Your goal:
Copy out the data line by line exactly, from its start to the line bearing "Product/1 -> y/1", inclusive.

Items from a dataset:
*-*-*

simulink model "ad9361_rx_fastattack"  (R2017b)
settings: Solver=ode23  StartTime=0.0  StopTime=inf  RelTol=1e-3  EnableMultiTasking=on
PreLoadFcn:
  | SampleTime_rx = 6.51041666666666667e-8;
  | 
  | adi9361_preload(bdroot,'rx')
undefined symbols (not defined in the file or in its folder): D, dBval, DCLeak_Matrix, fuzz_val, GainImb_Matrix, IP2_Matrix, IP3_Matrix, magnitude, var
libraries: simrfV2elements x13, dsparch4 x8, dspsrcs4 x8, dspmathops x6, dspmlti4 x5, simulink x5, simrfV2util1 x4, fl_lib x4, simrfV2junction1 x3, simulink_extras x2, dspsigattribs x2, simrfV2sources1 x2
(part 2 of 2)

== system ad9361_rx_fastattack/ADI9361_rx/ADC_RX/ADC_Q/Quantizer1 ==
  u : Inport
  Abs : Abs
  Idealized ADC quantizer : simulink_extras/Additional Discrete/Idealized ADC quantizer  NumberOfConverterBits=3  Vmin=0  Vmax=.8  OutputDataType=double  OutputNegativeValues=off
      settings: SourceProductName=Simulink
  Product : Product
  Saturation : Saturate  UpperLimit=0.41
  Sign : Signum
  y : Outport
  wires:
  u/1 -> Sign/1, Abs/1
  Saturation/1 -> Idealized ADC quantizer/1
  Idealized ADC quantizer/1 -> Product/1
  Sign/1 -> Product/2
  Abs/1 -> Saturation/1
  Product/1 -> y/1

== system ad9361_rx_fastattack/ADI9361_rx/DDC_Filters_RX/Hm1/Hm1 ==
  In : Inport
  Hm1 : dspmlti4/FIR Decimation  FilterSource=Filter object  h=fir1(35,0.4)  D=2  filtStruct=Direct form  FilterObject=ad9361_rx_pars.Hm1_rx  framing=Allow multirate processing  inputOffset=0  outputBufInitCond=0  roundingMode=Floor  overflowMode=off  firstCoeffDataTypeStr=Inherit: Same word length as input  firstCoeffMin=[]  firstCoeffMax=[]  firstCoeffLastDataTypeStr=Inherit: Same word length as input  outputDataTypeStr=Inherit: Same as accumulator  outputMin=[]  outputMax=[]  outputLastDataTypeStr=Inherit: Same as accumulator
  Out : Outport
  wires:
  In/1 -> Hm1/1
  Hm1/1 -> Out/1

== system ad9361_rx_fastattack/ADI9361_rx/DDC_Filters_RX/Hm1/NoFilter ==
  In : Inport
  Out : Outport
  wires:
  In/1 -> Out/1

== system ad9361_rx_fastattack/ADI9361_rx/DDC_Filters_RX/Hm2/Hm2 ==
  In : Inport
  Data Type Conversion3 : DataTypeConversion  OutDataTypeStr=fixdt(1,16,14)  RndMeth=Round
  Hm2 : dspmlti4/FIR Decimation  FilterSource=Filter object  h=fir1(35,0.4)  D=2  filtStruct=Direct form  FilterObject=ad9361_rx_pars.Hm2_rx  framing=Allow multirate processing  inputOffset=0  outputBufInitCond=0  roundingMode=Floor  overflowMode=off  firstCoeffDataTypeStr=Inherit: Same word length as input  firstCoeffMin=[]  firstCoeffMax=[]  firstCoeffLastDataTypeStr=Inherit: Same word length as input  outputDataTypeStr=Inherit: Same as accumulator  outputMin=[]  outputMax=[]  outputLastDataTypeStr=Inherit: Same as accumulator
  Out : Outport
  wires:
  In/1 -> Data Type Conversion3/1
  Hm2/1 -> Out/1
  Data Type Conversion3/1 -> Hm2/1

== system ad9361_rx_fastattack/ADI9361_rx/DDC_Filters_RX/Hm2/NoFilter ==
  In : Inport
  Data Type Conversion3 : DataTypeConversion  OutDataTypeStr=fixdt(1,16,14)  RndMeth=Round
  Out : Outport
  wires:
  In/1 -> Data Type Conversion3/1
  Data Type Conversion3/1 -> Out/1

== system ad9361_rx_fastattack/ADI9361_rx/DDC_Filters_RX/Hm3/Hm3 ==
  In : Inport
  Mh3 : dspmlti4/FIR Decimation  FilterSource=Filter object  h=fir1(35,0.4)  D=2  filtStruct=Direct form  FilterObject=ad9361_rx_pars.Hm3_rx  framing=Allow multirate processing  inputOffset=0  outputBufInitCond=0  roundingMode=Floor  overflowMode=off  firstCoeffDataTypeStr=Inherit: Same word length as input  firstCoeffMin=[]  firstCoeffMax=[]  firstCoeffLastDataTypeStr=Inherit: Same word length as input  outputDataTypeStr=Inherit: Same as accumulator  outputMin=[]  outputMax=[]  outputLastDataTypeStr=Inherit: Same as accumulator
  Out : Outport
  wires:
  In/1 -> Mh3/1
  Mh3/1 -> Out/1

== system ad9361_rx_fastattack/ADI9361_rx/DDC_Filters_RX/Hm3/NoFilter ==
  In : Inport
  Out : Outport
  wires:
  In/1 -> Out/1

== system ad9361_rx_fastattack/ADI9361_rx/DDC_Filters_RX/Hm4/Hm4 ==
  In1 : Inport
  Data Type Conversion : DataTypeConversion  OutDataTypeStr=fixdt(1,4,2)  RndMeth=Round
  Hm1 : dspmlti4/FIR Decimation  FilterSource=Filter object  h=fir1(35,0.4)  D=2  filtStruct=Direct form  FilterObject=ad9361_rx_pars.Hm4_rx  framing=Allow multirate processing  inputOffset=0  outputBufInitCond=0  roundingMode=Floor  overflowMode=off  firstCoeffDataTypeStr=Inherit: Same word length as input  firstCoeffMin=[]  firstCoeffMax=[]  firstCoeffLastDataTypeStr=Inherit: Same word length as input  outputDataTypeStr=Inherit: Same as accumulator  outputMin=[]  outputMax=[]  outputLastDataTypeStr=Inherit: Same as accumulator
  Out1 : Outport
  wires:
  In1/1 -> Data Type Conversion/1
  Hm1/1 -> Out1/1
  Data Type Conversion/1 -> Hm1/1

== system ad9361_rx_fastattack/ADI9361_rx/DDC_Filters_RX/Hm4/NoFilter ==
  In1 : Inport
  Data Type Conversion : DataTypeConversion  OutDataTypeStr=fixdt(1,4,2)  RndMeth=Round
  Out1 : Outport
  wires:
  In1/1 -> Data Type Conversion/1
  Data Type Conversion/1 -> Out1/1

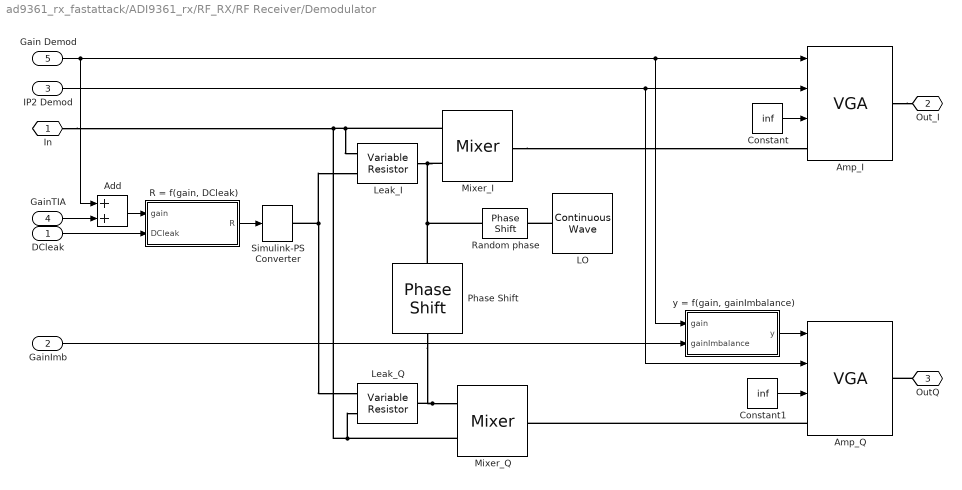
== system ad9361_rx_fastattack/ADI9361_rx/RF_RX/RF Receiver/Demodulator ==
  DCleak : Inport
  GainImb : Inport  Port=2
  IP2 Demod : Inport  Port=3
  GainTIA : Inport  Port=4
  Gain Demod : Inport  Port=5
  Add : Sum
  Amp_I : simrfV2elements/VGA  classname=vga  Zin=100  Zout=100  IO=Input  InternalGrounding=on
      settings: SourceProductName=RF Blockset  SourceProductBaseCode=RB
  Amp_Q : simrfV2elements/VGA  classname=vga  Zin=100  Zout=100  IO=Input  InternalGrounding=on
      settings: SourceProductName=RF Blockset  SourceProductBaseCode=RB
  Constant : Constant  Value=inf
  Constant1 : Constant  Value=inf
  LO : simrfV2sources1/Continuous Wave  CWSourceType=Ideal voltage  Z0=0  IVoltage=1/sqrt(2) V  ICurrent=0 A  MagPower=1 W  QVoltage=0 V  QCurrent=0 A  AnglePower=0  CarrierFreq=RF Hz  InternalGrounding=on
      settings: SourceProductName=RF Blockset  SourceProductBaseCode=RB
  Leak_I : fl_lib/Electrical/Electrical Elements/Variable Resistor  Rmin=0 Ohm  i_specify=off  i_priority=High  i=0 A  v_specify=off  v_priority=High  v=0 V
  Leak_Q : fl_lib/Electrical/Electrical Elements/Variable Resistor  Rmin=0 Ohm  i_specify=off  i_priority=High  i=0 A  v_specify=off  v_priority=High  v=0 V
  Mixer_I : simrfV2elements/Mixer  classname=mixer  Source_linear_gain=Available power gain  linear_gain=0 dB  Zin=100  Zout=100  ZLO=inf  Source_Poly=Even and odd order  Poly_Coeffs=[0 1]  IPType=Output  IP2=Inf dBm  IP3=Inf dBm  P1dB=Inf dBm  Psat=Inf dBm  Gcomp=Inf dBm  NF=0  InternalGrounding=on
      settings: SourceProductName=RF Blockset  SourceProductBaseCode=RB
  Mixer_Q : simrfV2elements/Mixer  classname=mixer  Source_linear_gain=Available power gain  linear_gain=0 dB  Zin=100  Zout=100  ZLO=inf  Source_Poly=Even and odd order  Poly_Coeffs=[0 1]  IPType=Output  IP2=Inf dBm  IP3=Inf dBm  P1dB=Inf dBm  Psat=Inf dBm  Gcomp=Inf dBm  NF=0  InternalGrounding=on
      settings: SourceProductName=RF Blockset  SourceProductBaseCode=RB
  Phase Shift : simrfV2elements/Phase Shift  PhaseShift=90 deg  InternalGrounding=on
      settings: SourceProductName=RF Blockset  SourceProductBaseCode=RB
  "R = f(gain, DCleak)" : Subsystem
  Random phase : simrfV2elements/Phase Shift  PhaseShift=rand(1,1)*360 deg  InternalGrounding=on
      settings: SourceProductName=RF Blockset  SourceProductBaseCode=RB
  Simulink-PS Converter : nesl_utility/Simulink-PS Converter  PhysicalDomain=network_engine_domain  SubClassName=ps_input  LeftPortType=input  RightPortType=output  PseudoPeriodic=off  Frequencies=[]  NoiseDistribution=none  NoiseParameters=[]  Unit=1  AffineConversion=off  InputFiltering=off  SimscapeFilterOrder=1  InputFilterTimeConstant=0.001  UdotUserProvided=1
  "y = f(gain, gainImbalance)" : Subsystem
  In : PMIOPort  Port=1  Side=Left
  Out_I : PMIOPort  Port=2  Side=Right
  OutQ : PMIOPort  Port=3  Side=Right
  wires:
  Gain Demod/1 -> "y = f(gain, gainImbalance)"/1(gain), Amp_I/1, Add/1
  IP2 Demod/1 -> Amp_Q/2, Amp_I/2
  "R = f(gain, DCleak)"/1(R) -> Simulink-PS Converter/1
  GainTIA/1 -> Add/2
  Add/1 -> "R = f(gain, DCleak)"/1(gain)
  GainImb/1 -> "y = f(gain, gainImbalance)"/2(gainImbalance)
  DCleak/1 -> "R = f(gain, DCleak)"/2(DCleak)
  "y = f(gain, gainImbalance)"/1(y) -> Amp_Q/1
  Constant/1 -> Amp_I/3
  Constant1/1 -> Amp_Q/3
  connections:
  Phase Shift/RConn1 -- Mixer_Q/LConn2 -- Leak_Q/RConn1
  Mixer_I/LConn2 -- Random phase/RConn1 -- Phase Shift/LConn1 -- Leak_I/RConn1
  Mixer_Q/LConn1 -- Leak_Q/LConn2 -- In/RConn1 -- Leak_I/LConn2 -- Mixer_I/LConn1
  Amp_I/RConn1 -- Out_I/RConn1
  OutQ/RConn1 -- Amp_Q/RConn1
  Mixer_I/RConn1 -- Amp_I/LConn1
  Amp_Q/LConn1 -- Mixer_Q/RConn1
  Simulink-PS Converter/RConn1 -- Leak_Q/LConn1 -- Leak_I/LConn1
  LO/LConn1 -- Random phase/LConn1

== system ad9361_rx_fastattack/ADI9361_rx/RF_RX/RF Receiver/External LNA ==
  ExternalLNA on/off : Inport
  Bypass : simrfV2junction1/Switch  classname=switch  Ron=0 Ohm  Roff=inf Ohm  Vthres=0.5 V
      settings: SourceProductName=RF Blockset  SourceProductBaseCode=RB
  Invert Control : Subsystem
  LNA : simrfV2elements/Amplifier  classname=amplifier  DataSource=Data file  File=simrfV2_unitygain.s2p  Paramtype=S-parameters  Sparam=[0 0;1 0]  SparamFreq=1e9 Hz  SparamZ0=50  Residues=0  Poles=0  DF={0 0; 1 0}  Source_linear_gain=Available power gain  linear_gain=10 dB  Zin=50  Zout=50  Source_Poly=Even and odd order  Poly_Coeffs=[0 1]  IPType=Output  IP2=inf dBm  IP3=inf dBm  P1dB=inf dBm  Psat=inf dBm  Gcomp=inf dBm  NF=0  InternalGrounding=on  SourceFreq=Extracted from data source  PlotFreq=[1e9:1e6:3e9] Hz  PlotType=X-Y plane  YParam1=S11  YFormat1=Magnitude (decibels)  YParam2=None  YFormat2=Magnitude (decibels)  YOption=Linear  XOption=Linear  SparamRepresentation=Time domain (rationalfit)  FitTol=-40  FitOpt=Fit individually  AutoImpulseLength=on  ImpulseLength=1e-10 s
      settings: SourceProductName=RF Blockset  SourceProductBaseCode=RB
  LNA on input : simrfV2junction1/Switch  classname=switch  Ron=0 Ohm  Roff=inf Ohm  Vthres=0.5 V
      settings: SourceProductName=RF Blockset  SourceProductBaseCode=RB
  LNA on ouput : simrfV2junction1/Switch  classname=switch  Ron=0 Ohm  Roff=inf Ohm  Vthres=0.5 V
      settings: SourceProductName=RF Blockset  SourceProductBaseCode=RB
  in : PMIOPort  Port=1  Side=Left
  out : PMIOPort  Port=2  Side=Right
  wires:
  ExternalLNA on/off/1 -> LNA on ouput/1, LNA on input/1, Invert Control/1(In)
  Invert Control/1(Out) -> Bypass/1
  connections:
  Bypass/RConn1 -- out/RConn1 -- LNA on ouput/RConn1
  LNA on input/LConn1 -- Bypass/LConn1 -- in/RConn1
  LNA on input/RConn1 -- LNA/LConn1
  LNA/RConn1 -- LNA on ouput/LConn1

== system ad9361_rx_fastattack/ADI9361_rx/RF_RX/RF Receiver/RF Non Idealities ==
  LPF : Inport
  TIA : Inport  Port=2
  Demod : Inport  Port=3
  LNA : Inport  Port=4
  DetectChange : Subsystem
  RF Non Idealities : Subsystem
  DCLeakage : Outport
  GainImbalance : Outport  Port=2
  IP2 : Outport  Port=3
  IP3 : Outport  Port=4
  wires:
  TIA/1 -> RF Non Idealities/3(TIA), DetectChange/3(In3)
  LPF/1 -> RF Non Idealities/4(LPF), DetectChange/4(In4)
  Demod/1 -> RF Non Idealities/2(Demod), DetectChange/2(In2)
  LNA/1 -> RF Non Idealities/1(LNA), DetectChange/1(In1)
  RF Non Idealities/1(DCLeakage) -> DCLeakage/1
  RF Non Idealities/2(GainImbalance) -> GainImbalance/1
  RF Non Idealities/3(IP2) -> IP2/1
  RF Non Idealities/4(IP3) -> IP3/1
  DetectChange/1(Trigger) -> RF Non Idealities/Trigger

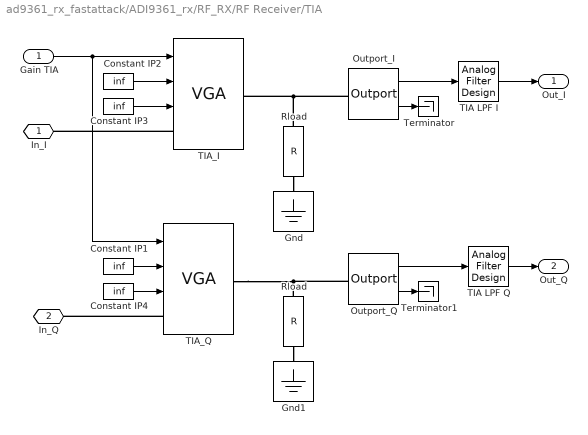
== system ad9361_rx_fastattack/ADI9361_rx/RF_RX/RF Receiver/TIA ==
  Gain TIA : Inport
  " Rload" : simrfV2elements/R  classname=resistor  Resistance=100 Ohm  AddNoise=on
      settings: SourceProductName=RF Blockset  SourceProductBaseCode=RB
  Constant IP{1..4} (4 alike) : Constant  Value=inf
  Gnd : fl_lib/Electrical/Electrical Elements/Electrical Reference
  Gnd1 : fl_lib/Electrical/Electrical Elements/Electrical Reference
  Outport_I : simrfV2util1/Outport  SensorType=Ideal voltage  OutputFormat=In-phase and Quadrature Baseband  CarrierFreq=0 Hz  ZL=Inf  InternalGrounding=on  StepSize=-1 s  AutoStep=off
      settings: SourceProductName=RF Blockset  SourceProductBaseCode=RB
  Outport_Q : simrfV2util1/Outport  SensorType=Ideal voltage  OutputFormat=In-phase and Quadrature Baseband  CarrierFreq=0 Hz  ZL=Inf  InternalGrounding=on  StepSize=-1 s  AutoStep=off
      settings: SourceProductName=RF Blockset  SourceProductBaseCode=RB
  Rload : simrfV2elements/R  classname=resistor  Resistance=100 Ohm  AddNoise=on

*-*-*

Answer to this task:
simulink model "ad9361_rx_fastattack"  (R2017b)
settings: Solver=ode23  StartTime=0.0  StopTime=inf  RelTol=1e-3  EnableMultiTasking=on
PreLoadFcn:
  | SampleTime_rx = 6.51041666666666667e-8;
  | 
  | adi9361_preload(bdroot,'rx')
undefined symbols (not defined in the file or in its folder): D, dBval, DCLeak_Matrix, fuzz_val, GainImb_Matrix, IP2_Matrix, IP3_Matrix, magnitude, var
libraries: simrfV2elements x13, dsparch4 x8, dspsrcs4 x8, dspmathops x6, dspmlti4 x5, simulink x5, simrfV2util1 x4, fl_lib x4, simrfV2junction1 x3, simulink_extras x2, dspsigattribs x2, simrfV2sources1 x2
(part 2 of 2)

== system ad9361_rx_fastattack/ADI9361_rx/ADC_RX/ADC_Q/Quantizer1 ==
  u : Inport
  Abs : Abs
  Idealized ADC quantizer : simulink_extras/Additional Discrete/Idealized ADC quantizer  NumberOfConverterBits=3  Vmin=0  Vmax=.8  OutputDataType=double  OutputNegativeValues=off
      settings: SourceProductName=Simulink
  Product : Product
  Saturation : Saturate  UpperLimit=0.41
  Sign : Signum
  y : Outport
  wires:
  u/1 -> Sign/1, Abs/1
  Saturation/1 -> Idealized ADC quantizer/1
  Idealized ADC quantizer/1 -> Product/1
  Sign/1 -> Product/2
  Abs/1 -> Saturation/1
  Product/1 -> y/1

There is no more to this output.